Я подождала, пока полностью стемнеет, и расположилась на полу террасы. Зажгла свечи и травы, затем травы притушила. Дождалась, пока дым смешается. Запах нельзя было назвать приятным, но он был сильным и необычным. И… влекущим. Он увлекал меня.

Я закрыла глаза.

Кон, чтоб тебя, ну где ты? Точно ведь знаю, что ты в беде: Позови меня на помощь, ты, тупица.

Я снова была в мире вампиров, но запах вошел туда вместе со мной, обернулся вокруг меня, как невероятно длинный шарф, один конец которого за моей спиной уходил в мир людей, а другой тянулся впереди меня вглубь вампирской темноты. Я снова была словно подвешена между мирами, но на этот раз не было ощущения боли и потерянности.

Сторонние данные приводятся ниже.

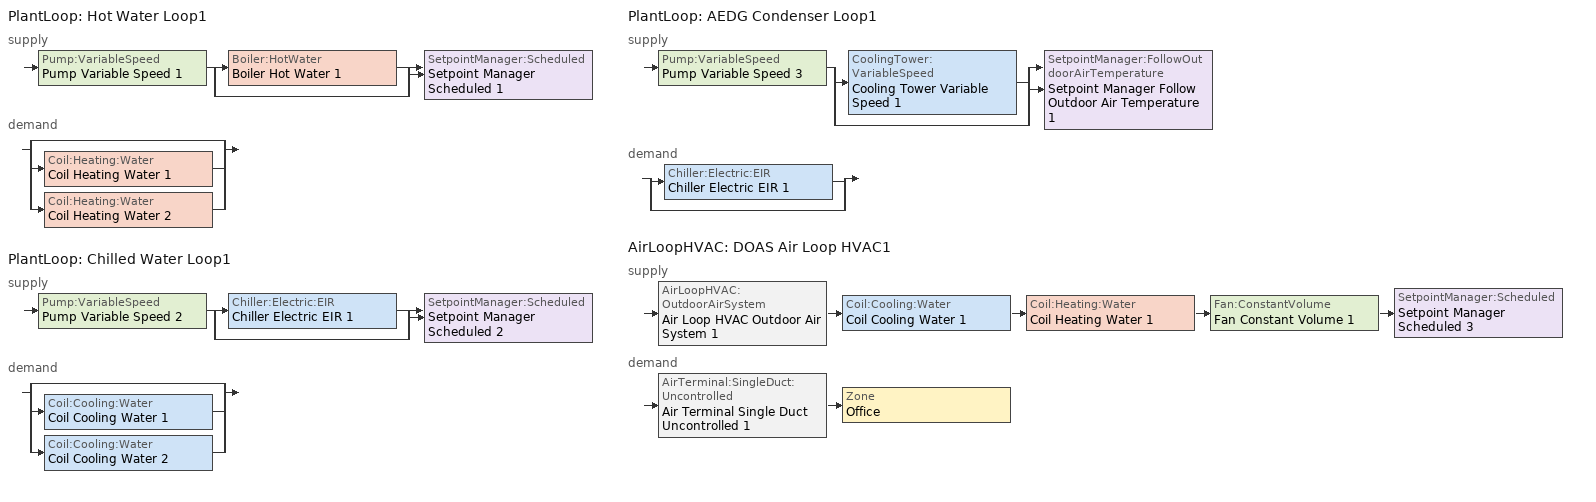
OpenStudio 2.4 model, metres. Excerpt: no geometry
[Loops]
PlantLoop 'Hot Water Loop1'
 supply: Pump:VariableSpeed 'Pump Variable Speed 1' > split
  | Boiler:HotWater 'Boiler Hot Water 1'
  | bypass
  join > SetpointManager:Scheduled 'Setpoint Manager Scheduled 1'
 demand: split
  | bypass
  | Coil:Heating:Water 'Coil Heating Water 1'
  | Coil:Heating:Water 'Coil Heating Water 2'
PlantLoop 'Chilled Water Loop1'
 supply: Pump:VariableSpeed 'Pump Variable Speed 2' > split
  | Chiller:Electric:EIR 'Chiller Electric EIR 1'
  | bypass
  join > SetpointManager:Scheduled 'Setpoint Manager Scheduled 2'
 demand: split
  | bypass
  | Coil:Cooling:Water 'Coil Cooling Water 1'
  | Coil:Cooling:Water 'Coil Cooling Water 2'
PlantLoop 'AEDG Condenser Loop1'
 supply: Pump:VariableSpeed 'Pump Variable Speed 3' > split
  | CoolingTower:VariableSpeed 'Cooling Tower Variable Speed 1'
  | bypass
  join > SetpointManager:FollowOutdoorAirTemperature 'Setpoint Manager Follow Outdoor Air Temperature 1'
 demand: split
  | Chiller:Electric:EIR 'Chiller Electric EIR 1'
  | bypass
AirLoopHVAC 'DOAS Air Loop HVAC1'
 supply: AirLoopHVAC:OutdoorAirSystem 'Air Loop HVAC Outdoor Air System 1' > Coil:Cooling:Water 'Coil Cooling Water 1' > Coil:Heating:Water 'Coil Heating Water 1' > Fan:ConstantVolume 'Fan Constant Volume 1' > SetpointManager:Scheduled 'Setpoint Manager Scheduled 3'
 demand: AirTerminal:SingleDuct:Uncontrolled 'Air Terminal Single Duct Uncontrolled 1' > Zone 'Office'
[Building]
Building 1: North Axis {deg}=0
[Site]
Boston Logan IntL Arpt	USA: Latitude {deg}=42.37; Longitude {deg}=-71.02; Time Zone {hr}=-5; Elevation {m}=6; Terrain=City
[SizingPeriod:DesignDay] Barometric Pressure {Pa}=101253; Sky Clearness=0; Rain Indicator=0; Snow Indicator=0; Day of Month=21; Daylight Saving Time Indicator=0; Dry-Bulb Temperature Range Modifier Type=DefaultMultipliers
Name | Maximum Dry-Bulb Temperature {C} | Daily Dry-Bulb Temperature Range {deltaC} | Humidity Indicating Conditions at Maximum Dry-Bulb | Wind Speed {m/s} | Wind Direction {deg} | Month | Day Type | Humidity Indicating Type | Solar Model Indicator | ASHRAE Taub | ASHRAE Taud
Boston Logan IntL Arpt Ann Htg 99.6% Condns DB | -13.6 | 0 | -13.6 | 7.2 | 320 | 1 | WinterDesignDay | Wetbulb | ASHRAEClearSky
Boston Logan IntL Arpt Ann Hum_n 99.6% Condns DP=>MCDB | -12 | 0 | -24.4 | 7.2 | 320 | 1 | WinterDesignDay | Dewpoint | ASHRAEClearSky
Boston Logan IntL Arpt Ann Htg Wind 99.6% Condns WS=>MCDB | 2.1 | 0 | 2.1 | 14.1 | 320 | 1 | WinterDesignDay | Wetbulb | ASHRAEClearSky
Boston Logan IntL Arpt Ann Clg .4% Condns DB=>MWB | 32.7 | 8.4 | 22.9 | 6.3 | 270 | 7 | SummerDesignDay | Wetbulb | ASHRAETau | 0.488 | 1.95
Boston Logan IntL Arpt Ann Clg .4% Condns WB=>MDB | 30.2 | 8.4 | 24.6 | 6.3 | 270 | 7 | SummerDesignDay | Wetbulb | ASHRAETau | 0.488 | 1.95
Boston Logan IntL Arpt Ann Clg .4% Condns DP=>MDB | 27.3 | 8.4 | 22.8 | 6.3 | 270 | 7 | SummerDesignDay | Dewpoint | ASHRAETau | 0.488 | 1.95
Boston Logan IntL Arpt Ann Clg .4% Condns Enth=>MDB | 30.6 | 8.4 | 74100 | 6.3 | 270 | 7 | SummerDesignDay | Enthalpy | ASHRAETau | 0.488 | 1.95
[Material] Thermal Absorptance=0.9
Name | Roughness | Thickness {m} | Conductivity {W/m-K} | Density {kg/m3} | Specific Heat {J/kg-K} | Solar Absorptance
F16 Acoustic tile | MediumSmooth | 0.0191 | 0.06 | 368 | 590 | 0.3
M11 100mm lightweight concrete | MediumRough | 0.1016 | 0.53 | 1280 | 840 | 0.5
G01a 19mm gypsum board | MediumSmooth | 0.019 | 0.16 | 800 | 1090 | 0.4
M01 100mm brick | MediumRough | 0.1016 | 0.89 | 1920 | 790 | 0.7
M15 200mm heavyweight concrete | MediumRough | 0.2032 | 1.95 | 2240 | 900 | 0.7
I02 50mm insulation board | MediumRough | 0.0508 | 0.03 | 43 | 1210 | 0.7
[Material:AirGap]
Name | Thermal Resistance {m2-K/W}
Material Air Gap 1 | 0.18
Material Air Gap 2 | 0.15
[Construction]
Interior Floor: F16 Acoustic tile, Material Air Gap 1, M11 100mm lightweight concrete
Interior Ceiling: M11 100mm lightweight concrete, Material Air Gap 1, F16 Acoustic tile
Interior Wall: G01a 19mm gypsum board, Material Air Gap 2, G01a 19mm gypsum board
Exterior Wall: M01 100mm brick, M15 200mm heavyweight concrete, I02 50mm insulation board, Material Air Gap 2, G01a 19mm gypsum board
[DefaultConstructionSet]
Default Construction Set 1: Default Exterior Surface Constructions=Default Surface Constructions 1; Default Interior Surface Constructions=Default Surface Constructions 2; Default Ground Contact Surface Constructions=Default Surface Constructions 3; Default Exterior SubSurface Constructions=Default Sub Surface Constructions 1; Default Interior SubSurface Constructions=Default Sub Surface Constructions 2
[DefaultSurfaceConstructions]
Default Surface Constructions 1: Wall Construction=Exterior Wall
Default Surface Constructions 2: Wall Construction=Interior Wall; Floor Construction=Interior Floor; Roof Ceiling Construction=Interior Ceiling
Default Surface Constructions 3: 
[DefaultSubSurfaceConstructions]
Default Sub Surface Constructions 1; Default Sub Surface Constructions 2
[BuildingStory]
Building Story 1: Nominal Z Coordinate {m}=0
[Space]
Office_space: Space Type=Office:OpenOffice:Office; Default Construction Set=Default Construction Set 1; Building Story=Building Story 1; Thermal Zone=Office
[SpaceType]
Office:OpenOffice:Office: Default Schedule Set=Office_DefaultScheduleSet; Design Specification Outdoor Air Object=Office_DSOA
[DefaultScheduleSet]
Office_DefaultScheduleSet: Hours of Operation Schedule=Medium Office Bldg Occ; People Activity Level Schedule=Medium Office Activity; Lighting Schedule=Office Bldg Light; Electric Equipment Schedule=Medium Office Bldg Equip; Infiltration Schedule=Medium Office Infil Quarter On
[SpaceInfiltration:DesignFlowRate]
Space Infiltration Design Flow Rate 1: Space or SpaceType=Office:OpenOffice:Office; Schedule=Medium Office Infil Quarter On; Design Flow Rate Calculation Method=Flow/ExteriorArea; Flow per Exterior Surface Area {m3/s-m2}=0.000226568
[People:Definition]
Office_PeopleDefinition: Number of People Calculation Method=People/Area; People per Space Floor Area {person/m2}=0.0565108; Fraction Radiant=0.3
[People]
Office:OpenOffice:Office_PeopleObject: People Definition=Office_PeopleDefinition; Space or SpaceType=Office:OpenOffice:Office; Number of People Schedule=Medium Office Bldg Occ; Activity Level Schedule=Medium Office Activity; Multiplier=1
[Lights:Definition]
Office_LightsDefinition: Design Level Calculation Method=Watts/Area; Watts per Space Floor Area {W/m2}=11.8404
[Lights]
Office:OpenOffice:Office_LightsObject: Lights Definition=Office_LightsDefinition; Space or SpaceType=Office:OpenOffice:Office; Schedule=Office Bldg Light; Fraction Replaceable=1
[ElectricEquipment:Definition]
Office_ElectricEquipmentDefinition: Design Level Calculation Method=Watts/Area; Watts per Space Floor Area {W/m2}=7.64241
[ElectricEquipment]
Office_ElectricEquipmentObject: Electric Equipment Definition=Office_ElectricEquipmentDefinition; Space or SpaceType=Office:OpenOffice:Office; Schedule=Medium Office Bldg Equip
[DesignSpecification:OutdoorAir]
Office_DSOA: Outdoor Air Method=Sum; Outdoor Air Flow per Person {m3/s-person}=0.0023595; Outdoor Air Flow per Floor Area {m3/s-m2}=0.000304801
[ThermalZone]
Office: Thermostat=dualSetPtThermostatOffice; Use Ideal Air Loads=No
[Sizing:Zone]
Office: Zone Cooling Design Supply Air Temperature Input Method=SupplyAirTemperature; Zone Cooling Design Supply Air Temperature {C}=14; Zone Cooling Design Supply Air Temperature Difference {deltaC}=11.11; Zone Heating Design Supply Air Temperature Input Method=SupplyAirTemperature; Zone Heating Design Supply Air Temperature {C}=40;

Обрати на это внимание, Светлячок. Нет ощущения боли и потерянности. Это какой-то другой мир, куда людям ни к чему и незачем соваться. Разница заключалась только в том, что этот мир не пытался меня убить. По крайней мере, пока. Может, это что-то вроде окружной дороги, проселочной дороги, которую не сравнить с автострадой, со всем ее шумом и смрадом? Я все еще не ориентировалась в маршрутах.

Жаль, что нельзя просто сесть на автобус.

Я извивалась, паря в невесомости – зловещее ощущение чужого мира давило, дышать, смотреть и двигаться было тяжело, как будто человеческое тело не годилось для таких путешествий, но не ощущалось враждебности, как в тот вечер в гостиной Эймил, дым-шарф защищал меня от этого холодного ветра. Если бы я была машиной, то плотно бы закрыла все свои дверцы и подняла стекла. Ну ладно. Я не машина. Я должна дышать. Прошло какое-то время, если время здесь вообще движется. И странное ощущение, не-враждебное странное ощущение стало… просто небольшим неудобством.

Я была художником, которого заставили лепить из глины, певцом, которого посадили за рояль… пекарем, который связался с вампирами.

Я наклонялась и крутилась, ища своего союзника. Там… Нет. Но близко.

Там.

И затем я услышала его голос.

Светлячок…

Всего раз. Всего один раз. Мое имя. Там.

Когда я нашла нужное место, то испытала шок, как от удара током. Bay! И я рванулась вперед, как горящая стрела. Дым расступился, не выдержав моей скорости, волосы натянулись, едва не выдираясь из кожи, давление росло… и росло… меня растягивало, раскатывало, как раскатывают между ладонями шарик теста, как прядут овечью шерсть, делая пряжу все тоньше и тоньше, как сминают двумя пальцами кончик нитки, вставляя его в игольное ушко.

Бум.

Я вылетела из темноты, из иного мира, снова оказалась в реальном месте. Снова в своем теле, если я его вообще покидала.

Я чувствовала вкус чего-то. Чего-то скорее холодного, неподатливого и необычно… бугристого. По нему бы скользить.

Но это что-то обхватило меня руками, перевернуло, навалилось сверху всем своим весом и вонзило мне в шею клыки.

Я замерла. А что мне было делать? Все это произошло слишком быстро, как в кино, где не успеваешь различить отдельные кадры.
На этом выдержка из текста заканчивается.